## Exercise:
Take the records below from their first line through the line holding "doc.units = 0", and set each of those lines down exactly, without pictures.

## Listed records:
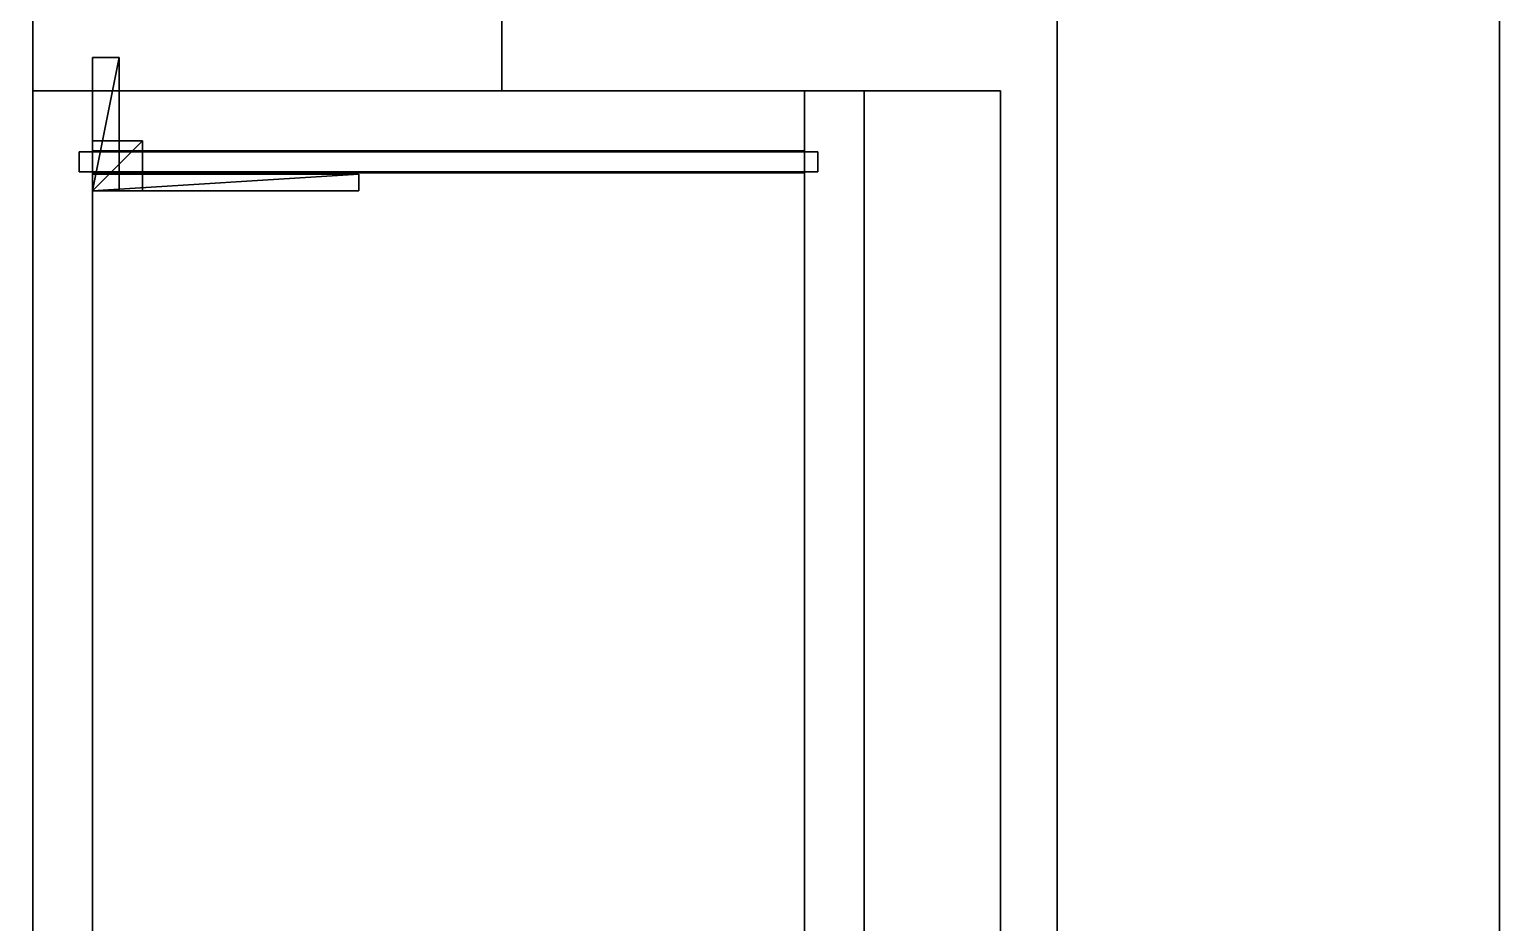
# Model space of a CAD drawing. Extents: x 0 to 5228, y -2725 to 0.
# Drawn here: x 4785.5 to 5227.5, y -580 to -311.5 of the extents above; entities that cross this region are included whole.
import ezdxf

# ---------------------------------------------------------------- set-up
doc = ezdxf.new("R2010")
doc.units = 0
for name, color, linetype in [('LAYER0', 7, 'CONTINUOUS'), ('LAYER1', 7, 'CONTINUOUS'), ('LAYER756', 7, 'CONTINUOUS'), ('LAYER759', 7, 'CONTINUOUS'), ('LAYER808', 7, 'CONTINUOUS'), ('LAYER809', 7, 'CONTINUOUS'), ('LAYER810', 2, 'CONTINUOUS'), ('LAYER811', 7, 'CONTINUOUS'), ('LAYER812', 253, 'CONTINUOUS'), ('LAYER813', 253, 'CONTINUOUS'), ('LAYER814', 253, 'CONTINUOUS'), ('LAYER815', 253, 'CONTINUOUS'), ('LAYER816', 253, 'CONTINUOUS'), ('LAYER817', 253, 'CONTINUOUS'), ('LAYER818', 2, 'CONTINUOUS'), ('LAYER819', 7, 'CONTINUOUS'), ('LAYER820', 253, 'CONTINUOUS'), ('LAYER821', 253, 'CONTINUOUS'), ('LAYER822', 253, 'CONTINUOUS'), ('LAYER823', 253, 'CONTINUOUS'), ('LAYER824', 253, 'CONTINUOUS'), ('LAYER825', 253, 'CONTINUOUS'), ('LAYER826', 7, 'CONTINUOUS'), ('LAYER827', 7, 'CONTINUOUS'), ('LAYER828', 7, 'CONTINUOUS'), ('LAYER829', 7, 'CONTINUOUS'), ('LAYER830', 7, 'CONTINUOUS'), ('LAYER831', 7, 'CONTINUOUS'), ('LAYER832', 7, 'CONTINUOUS'), ('LAYER833', 7, 'CONTINUOUS'), ('LAYER834', 7, 'CONTINUOUS'), ('LAYER835', 7, 'CONTINUOUS')]:
    doc.layers.add(name, color=color, linetype=linetype)

msp = doc.modelspace()

# ---------------------------------------------------------------- linework, layer by layer
at = {"layer": 'LAYER0', "invisible_edges": 1}
for points in [[(5227.5, 0), (0, -2725.14), (0, 0), (5227.5, 0)], [(5227.5, -2725.14, 5), (0, 0, 5), (0, -2725.14, 5), (5227.5, -2725.14, 5)], [(0, 0, 5), (5227.5, -2725.14, 5), (5227.5, 0, 5), (0, 0, 5)], [(0, -2725.14), (5227.5, 0), (5227.5, -2725.14), (0, -2725.14)], [(5227.5, 0), (5227.5, -2725.14, 5), (5227.5, -2725.14), (5227.5, 0)], [(5227.5, -2725.14, 5), (5227.5, 0), (5227.5, 0, 5), (5227.5, -2725.14, 5)]]:
    msp.add_3dface(points, dxfattribs=at)
at = {"layer": 'LAYER1'}
for points, invisible_edges in [([(4927.5, -150, 5), (5077.5, 0, 5), (4927.5, -330, 5), (4927.5, -150, 5)], 3), ([(4927.5, -330, 5), (5077.5, 0, 5), (5077.5, -330, 5), (4927.5, -330, 5)], 3), ([(5077.5, -330, 5), (5077.5, 0, 5), (5077.5, -180, 5), (5077.5, -330, 5)], 5), ([(4927.5, -150, 2523), (4927.5, -330, 5), (4927.5, -330, 2523), (4927.5, -150, 2523)], 1), ([(4927.5, -330, 5), (4927.5, -150, 2523), (4927.5, -150, 5), (4927.5, -330, 5)], 1), ([(5077.5, -330, 5), (5077.5, -180, 5), (5227.5, -180, 5), (5077.5, -330, 5)], 5), ([(5077.5, -330, 5), (5227.5, -180, 5), (5077.5, -2165, 5), (5077.5, -330, 5)], 3), ([(5227.5, -2315, 5), (5077.5, -2165, 5), (5227.5, -180, 5), (5227.5, -2315, 5)], 3), ([(5227.5, -180, 2523), (5227.5, -834.79, 2145), (5227.5, -180, 5), (5227.5, -180, 2523)], 3), ([(5227.5, -180, 2523), (5227.5, -2104.79, 2145), (5227.5, -834.79, 2145), (5227.5, -180, 2523)], 5), ([(5227.5, -2315, 2523), (5227.5, -2104.79, 2145), (5227.5, -180, 2523), (5227.5, -2315, 2523)], 3), ([(5227.5, -834.79, 1100), (5227.5, -180, 5), (5227.5, -834.79, 2145), (5227.5, -834.79, 1100)], 3), ([(5227.5, -2104.79, 1100), (5227.5, -180, 5), (5227.5, -834.79, 1100), (5227.5, -2104.79, 1100)], 3), ([(5227.5, -2104.79, 1100), (5227.5, -2315, 5), (5227.5, -180, 5), (5227.5, -2104.79, 1100)], 5), ([(5077.5, -330, 2523), (4927.5, -330, 5), (5077.5, -330, 5), (5077.5, -330, 2523)], 1), ([(4927.5, -330, 5), (5077.5, -330, 2523), (4927.5, -330, 2523), (4927.5, -330, 5)], 1), ([(5077.5, -330, 5), (5077.5, -834.79, 1100), (5077.5, -330, 2523), (5077.5, -330, 5)], 3), ([(5077.5, -330, 5), (5077.5, -2104.79, 1100), (5077.5, -834.79, 1100), (5077.5, -330, 5)], 5), ([(5077.5, -2165, 5), (5077.5, -2104.79, 1100), (5077.5, -330, 5), (5077.5, -2165, 5)], 3), ([(5077.5, -834.79, 2145), (5077.5, -330, 2523), (5077.5, -834.79, 1100), (5077.5, -834.79, 2145)], 3), ([(5077.5, -2104.79, 2145), (5077.5, -330, 2523), (5077.5, -834.79, 2145), (5077.5, -2104.79, 2145)], 3), ([(5077.5, -2104.79, 2145), (5077.5, -2165, 2523), (5077.5, -330, 2523), (5077.5, -2104.79, 2145)], 5)]:
    msp.add_3dface(points, dxfattribs=dict(at, invisible_edges=invisible_edges))
at = {"layer": 'LAYER756', "invisible_edges": 1}
for points in [[(5094.5, -150, 5), (4006.5, -700, 5), (4006.5, -150, 5), (5094.5, -150, 5)], [(4006.5, -700, 5), (5094.5, -150, 5), (5094.5, -700, 5), (4006.5, -700, 5)], [(5094.5, -700, 155), (4006.5, -150, 155), (4006.5, -700, 155), (5094.5, -700, 155)], [(4006.5, -150, 155), (5094.5, -700, 155), (5094.5, -150, 155), (4006.5, -150, 155)], [(5094.5, -150, 5), (5094.5, -700, 155), (5094.5, -700, 5), (5094.5, -150, 5)], [(5094.5, -700, 155), (5094.5, -150, 5), (5094.5, -150, 155), (5094.5, -700, 155)]]:
    msp.add_3dface(points, dxfattribs=at)
at = {"layer": 'LAYER759', "invisible_edges": 1}
for points in [[(4768.5, -150, 155), (4786.5, -730, 155), (4768.5, -730, 155), (4768.5, -150, 155)], [(4786.5, -730, 155), (4768.5, -150, 155), (4786.5, -150, 155), (4786.5, -730, 155)], [(4786.5, -150, 2475), (4768.5, -730, 2475), (4786.5, -730, 2475), (4786.5, -150, 2475)], [(4768.5, -730, 2475), (4786.5, -150, 2475), (4768.5, -150, 2475), (4768.5, -730, 2475)], [(4786.5, -730, 155), (4786.5, -150, 2475), (4786.5, -730, 2475), (4786.5, -730, 155)], [(4786.5, -150, 2475), (4786.5, -730, 155), (4786.5, -150, 155), (4786.5, -150, 2475)]]:
    msp.add_3dface(points, dxfattribs=at)
at = {"layer": 'LAYER808', "invisible_edges": 1}
for points in [[(4786.5, -330, 155), (4804.5, -730, 155), (4786.5, -730, 155), (4786.5, -330, 155)], [(4804.5, -730, 155), (4786.5, -330, 155), (4804.5, -330, 155), (4804.5, -730, 155)], [(4804.5, -330, 2475), (4786.5, -730, 2475), (4804.5, -730, 2475), (4804.5, -330, 2475)], [(4786.5, -730, 2475), (4804.5, -330, 2475), (4786.5, -330, 2475), (4786.5, -730, 2475)], [(4786.5, -330, 155), (4804.5, -330, 2475), (4804.5, -330, 155), (4786.5, -330, 155)], [(4804.5, -330, 2475), (4786.5, -330, 155), (4786.5, -330, 2475), (4804.5, -330, 2475)], [(4786.5, -730, 2475), (4786.5, -330, 155), (4786.5, -730, 155), (4786.5, -730, 2475)], [(4786.5, -330, 155), (4786.5, -730, 2475), (4786.5, -330, 2475), (4786.5, -330, 155)], [(4804.5, -330, 2475), (4804.5, -730, 155), (4804.5, -330, 155), (4804.5, -330, 2475)], [(4804.5, -730, 155), (4804.5, -330, 2475), (4804.5, -730, 2475), (4804.5, -730, 155)]]:
    msp.add_3dface(points, dxfattribs=at)
at = {"layer": 'LAYER809', "invisible_edges": 1}
for points in [[(5018.5, -330, 155), (5018.5, -730, 2475), (5018.5, -330, 2475), (5018.5, -330, 155)], [(5018.5, -730, 2475), (5018.5, -330, 155), (5018.5, -730, 155), (5018.5, -730, 2475)], [(5018.5, -330, 155), (5036.5, -730, 155), (5018.5, -730, 155), (5018.5, -330, 155)], [(5036.5, -730, 155), (5018.5, -330, 155), (5036.5, -330, 155), (5036.5, -730, 155)], [(5036.5, -330, 2475), (5018.5, -730, 2475), (5036.5, -730, 2475), (5036.5, -330, 2475)], [(5018.5, -730, 2475), (5036.5, -330, 2475), (5018.5, -330, 2475), (5018.5, -730, 2475)], [(5036.5, -330, 2475), (5018.5, -330, 155), (5018.5, -330, 2475), (5036.5, -330, 2475)], [(5018.5, -330, 155), (5036.5, -330, 2475), (5036.5, -330, 155), (5018.5, -330, 155)], [(5036.5, -730, 155), (5036.5, -330, 2475), (5036.5, -730, 2475), (5036.5, -730, 155)], [(5036.5, -330, 2475), (5036.5, -730, 155), (5036.5, -330, 155), (5036.5, -330, 2475)]]:
    msp.add_3dface(points, dxfattribs=at)
at = {"layer": 'LAYER810'}
for points in [[(4884.5, -360, 2444.5), (4884.5, -355, 2444.5), (4804.5, -360, 2444.5), (4884.5, -360, 2444.5)], [(4804.5, -360, 2444.5), (4884.5, -355, 2444.5), (4804.5, -355, 2444.5), (4804.5, -360, 2444.5)], [(4804.5, -360, 2444.5), (4804.5, -355, 2444.5), (4804.5, -360, 2421.5), (4804.5, -360, 2444.5)], [(4804.5, -360, 2421.5), (4804.5, -355, 2444.5), (4804.5, -355, 2421.5), (4804.5, -360, 2421.5)], [(4884.5, -360, 2421.5), (4804.5, -360, 2421.5), (4884.5, -355, 2421.5), (4884.5, -360, 2421.5)], [(4884.5, -355, 2421.5), (4804.5, -360, 2421.5), (4804.5, -355, 2421.5), (4884.5, -355, 2421.5)], [(4884.5, -355, 2421.5), (4804.5, -355, 2421.5), (4884.5, -355, 2444.5), (4884.5, -355, 2421.5)], [(4884.5, -355, 2444.5), (4804.5, -355, 2421.5), (4804.5, -355, 2444.5), (4884.5, -355, 2444.5)], [(4884.5, -360, 2421.5), (4884.5, -355, 2421.5), (4884.5, -360, 2444.5), (4884.5, -360, 2421.5)], [(4884.5, -360, 2444.5), (4884.5, -355, 2421.5), (4884.5, -355, 2444.5), (4884.5, -360, 2444.5)], [(4884.5, -360, 2444.5), (4804.5, -360, 2444.5), (4884.5, -360, 2421.5), (4884.5, -360, 2444.5)], [(4884.5, -360, 2421.5), (4804.5, -360, 2444.5), (4804.5, -360, 2421.5), (4884.5, -360, 2421.5)]]:
    msp.add_3dface(points, dxfattribs=at)
at = {"layer": 'LAYER811', "invisible_edges": 1}
for points in [[(4804.5, -355, 2444.5), (4884.5, -360, 2444.5), (4884.5, -355, 2444.5), (4804.5, -355, 2444.5)], [(4884.5, -360, 2444.5), (4804.5, -355, 2444.5), (4804.5, -360, 2444.5), (4884.5, -360, 2444.5)], [(4804.5, -360, 2421.5), (4884.5, -355, 2421.5), (4884.5, -360, 2421.5), (4804.5, -360, 2421.5)], [(4884.5, -355, 2421.5), (4804.5, -360, 2421.5), (4804.5, -355, 2421.5), (4884.5, -355, 2421.5)], [(4804.5, -355, 2444.5), (4804.5, -360, 2421.5), (4804.5, -360, 2444.5), (4804.5, -355, 2444.5)], [(4804.5, -360, 2421.5), (4804.5, -355, 2444.5), (4804.5, -355, 2421.5), (4804.5, -360, 2421.5)], [(4884.5, -355, 2421.5), (4804.5, -355, 2444.5), (4884.5, -355, 2444.5), (4884.5, -355, 2421.5)], [(4804.5, -355, 2444.5), (4884.5, -355, 2421.5), (4804.5, -355, 2421.5), (4804.5, -355, 2444.5)], [(4884.5, -355, 2421.5), (4884.5, -360, 2444.5), (4884.5, -360, 2421.5), (4884.5, -355, 2421.5)], [(4884.5, -360, 2444.5), (4884.5, -355, 2421.5), (4884.5, -355, 2444.5), (4884.5, -360, 2444.5)], [(4804.5, -360, 2421.5), (4884.5, -360, 2444.5), (4804.5, -360, 2444.5), (4804.5, -360, 2421.5)], [(4884.5, -360, 2444.5), (4804.5, -360, 2421.5), (4884.5, -360, 2421.5), (4884.5, -360, 2444.5)]]:
    msp.add_3dface(points, dxfattribs=at)
at = {"layer": 'LAYER812'}
for points in [[(4819.5, -360, 2444.5), (4819.5, -345, 2444.5), (4804.5, -360, 2444.5), (4819.5, -360, 2444.5)], [(4804.5, -360, 2444.5), (4819.5, -345, 2444.5), (4804.5, -345, 2444.5), (4804.5, -360, 2444.5)], [(4804.5, -360, 2444.5), (4804.5, -345, 2444.5), (4804.5, -360, 2429.5), (4804.5, -360, 2444.5)], [(4804.5, -360, 2429.5), (4804.5, -345, 2444.5), (4804.5, -345, 2429.5), (4804.5, -360, 2429.5)], [(4819.5, -360, 2429.5), (4804.5, -360, 2429.5), (4819.5, -345, 2429.5), (4819.5, -360, 2429.5)], [(4819.5, -345, 2429.5), (4804.5, -360, 2429.5), (4804.5, -345, 2429.5), (4819.5, -345, 2429.5)], [(4819.5, -345, 2429.5), (4804.5, -345, 2429.5), (4819.5, -345, 2444.5), (4819.5, -345, 2429.5)], [(4819.5, -345, 2444.5), (4804.5, -345, 2429.5), (4804.5, -345, 2444.5), (4819.5, -345, 2444.5)], [(4819.5, -360, 2429.5), (4819.5, -345, 2429.5), (4819.5, -360, 2444.5), (4819.5, -360, 2429.5)], [(4819.5, -360, 2444.5), (4819.5, -345, 2429.5), (4819.5, -345, 2444.5), (4819.5, -360, 2444.5)], [(4819.5, -360, 2444.5), (4804.5, -360, 2444.5), (4819.5, -360, 2429.5), (4819.5, -360, 2444.5)], [(4819.5, -360, 2429.5), (4804.5, -360, 2444.5), (4804.5, -360, 2429.5), (4819.5, -360, 2429.5)]]:
    msp.add_3dface(points, dxfattribs=at)
at = {"layer": 'LAYER813'}
for points in [[(4819.5, -360, 2444.5), (4819.5, -345, 2444.5), (4804.5, -360, 2444.5), (4819.5, -360, 2444.5)], [(4804.5, -360, 2444.5), (4819.5, -345, 2444.5), (4804.5, -345, 2444.5), (4804.5, -360, 2444.5)], [(4804.5, -360, 2444.5), (4804.5, -345, 2444.5), (4804.5, -360, 2429.5), (4804.5, -360, 2444.5)], [(4804.5, -360, 2429.5), (4804.5, -345, 2444.5), (4804.5, -345, 2429.5), (4804.5, -360, 2429.5)], [(4819.5, -360, 2429.5), (4804.5, -360, 2429.5), (4819.5, -345, 2429.5), (4819.5, -360, 2429.5)], [(4819.5, -345, 2429.5), (4804.5, -360, 2429.5), (4804.5, -345, 2429.5), (4819.5, -345, 2429.5)], [(4819.5, -345, 2429.5), (4804.5, -345, 2429.5), (4819.5, -345, 2444.5), (4819.5, -345, 2429.5)], [(4819.5, -345, 2444.5), (4804.5, -345, 2429.5), (4804.5, -345, 2444.5), (4819.5, -345, 2444.5)], [(4819.5, -360, 2429.5), (4819.5, -345, 2429.5), (4819.5, -360, 2444.5), (4819.5, -360, 2429.5)], [(4819.5, -360, 2444.5), (4819.5, -345, 2429.5), (4819.5, -345, 2444.5), (4819.5, -360, 2444.5)], [(4819.5, -360, 2444.5), (4804.5, -360, 2444.5), (4819.5, -360, 2429.5), (4819.5, -360, 2444.5)], [(4819.5, -360, 2429.5), (4804.5, -360, 2444.5), (4804.5, -360, 2429.5), (4819.5, -360, 2429.5)]]:
    msp.add_3dface(points, dxfattribs=at)
at = {"layer": 'LAYER814'}
for points in [[(4819.5, -360, 2444.5), (4819.5, -345, 2444.5), (4804.5, -360, 2444.5), (4819.5, -360, 2444.5)], [(4804.5, -360, 2444.5), (4819.5, -345, 2444.5), (4804.5, -345, 2444.5), (4804.5, -360, 2444.5)], [(4804.5, -360, 2444.5), (4804.5, -345, 2444.5), (4804.5, -360, 2429.5), (4804.5, -360, 2444.5)], [(4804.5, -360, 2429.5), (4804.5, -345, 2444.5), (4804.5, -345, 2429.5), (4804.5, -360, 2429.5)], [(4819.5, -360, 2429.5), (4804.5, -360, 2429.5), (4819.5, -345, 2429.5), (4819.5, -360, 2429.5)], [(4819.5, -345, 2429.5), (4804.5, -360, 2429.5), (4804.5, -345, 2429.5), (4819.5, -345, 2429.5)], [(4819.5, -345, 2429.5), (4804.5, -345, 2429.5), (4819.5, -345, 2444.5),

## Response:
# Model space of a CAD drawing. Extents: x 0 to 5228, y -2725 to 0.
# Drawn here: x 4785.5 to 5227.5, y -580 to -311.5 of the extents above; entities that cross this region are included whole.
import ezdxf

# ---------------------------------------------------------------- set-up
doc = ezdxf.new("R2010")
doc.units = 0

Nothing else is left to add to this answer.